This is true. Acetone is the best liquid for taking off the oils. Then you need to seal with at least 2 or 3 coats of thin CA and let it cure. That means no accelerator and let it cure over night. Now you go and do your dance with the med CA and follow your regimen of pen finishing. I use rosewood which is oilier than the ebony and this is my method and never a problem. Good luck.


----------



## C. Scott (Mar 2, 2016)

If you're seeing dull spots then you are probably polishing through the finish to the wood.

The best success I've had with a CA finish on Ebony is NOT wiping it down with anything other than a dry paper towel.  Thin CA to seal and then 10 coats of thick.  Accelerant used very lightly between thick coats and then only after it has hardened up.

I think the small of amount of sanding dust actually helps the CA adhere to the surface.  I think that that solvents actually "draw out" the oils to the surface and reduce adhesion.

Ebony makes a beautiful pen but takes longer for me to finish the barrel.


----------



## jttheclockman (Mar 2, 2016)

Scott I am glad you found a system that works well for you. But the whole idea of using acetone is just that to draw out that oil from just below the surface so as to give you a chance to replace it with a sealer. Acetone flashes over real quick so it is a good choice. At least this is what I found with exotic woods and i use a lot of them and finish them with different products. 

But if this works for others too, nothing wrong with it.
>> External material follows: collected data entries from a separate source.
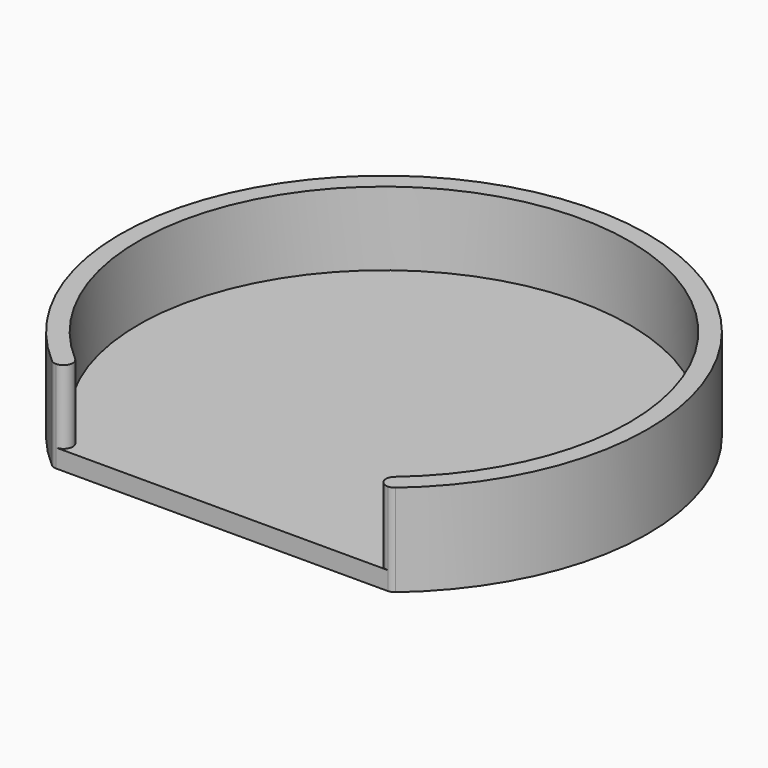
from build123d import *

# Parameters (mm, degrees)
F1_DEPTH = 15
F2_DEPTH = 3
F3_R     = 1.49999


# Not quite as in the source:
# - a fillet or chamfer is up to 0.001 mm smaller than in the source, because OpenCascade refuses the exact size


with BuildPart() as f1:
    # F0 (on Top) → F1 (new body)
    with BuildSketch(Plane.XY):
        with BuildLine():
            ThreePointArc((-22.6053091109, -33), (-18.6519119069, 35.3851124376), (40, 0))
            ThreePointArc((40, 0), (35.3851124376, -18.6519119069), (22.6053091109, -33))
            Line((22.6053091109, -33), (27.5680975042, -33))
            ThreePointArc((27.5680975042, -33), (38.9514325326, -18.2149911792), (43, 0))
            ThreePointArc((43, 0), (-18.2149911792, 38.9514325326), (-27.5680975042, -33))
            Line((-27.5680975042, -33), (-22.6053091109, -33))
        make_face()
    extrude(amount=F1_DEPTH)

    # F0 (on Top) → F2 (join)
    with BuildSketch(Plane.XY):
        with BuildLine():
            ThreePointArc((22.6053091109, -33), (35.3851124376, -18.6519119069), (40, 0))
            ThreePointArc((40, 0), (-18.6519119069, 35.3851124376), (-22.6053091109, -33))
            Line((-22.6053091109, -33), (22.6053091109, -33))
        make_face()
    extrude(amount=F2_DEPTH)

    # F3 (radius 1.5 in the source; OpenCascade refuses exactly that, so slightly less here)
    f3_edges = [f1.edges().sort_by_distance(p)[0] for p in [
        (-22.605309, -33, 9),
        (22.605309, -33, 9),
        (-27.568098, -33, 7.5),
        (27.568098, -33, 7.5),
    ]]
    fillet(f3_edges, radius=F3_R)


solid = f1.part

We are all after the same goal. A nice clean finish that is durable. Good luck all.


----------



## C. Scott (Mar 3, 2016)

Agreed!  The CA finish is so funny.  What works for one doesn't for another.  Actually I hold Monty responsible for getting me to try it so many years ago.   There have been several "dull" spots in finishing barrels and I would have to stop and start building the finish up again and there have been some pens that I got so frustrated that I'd bump up the speed, grab the skew and start over!


----------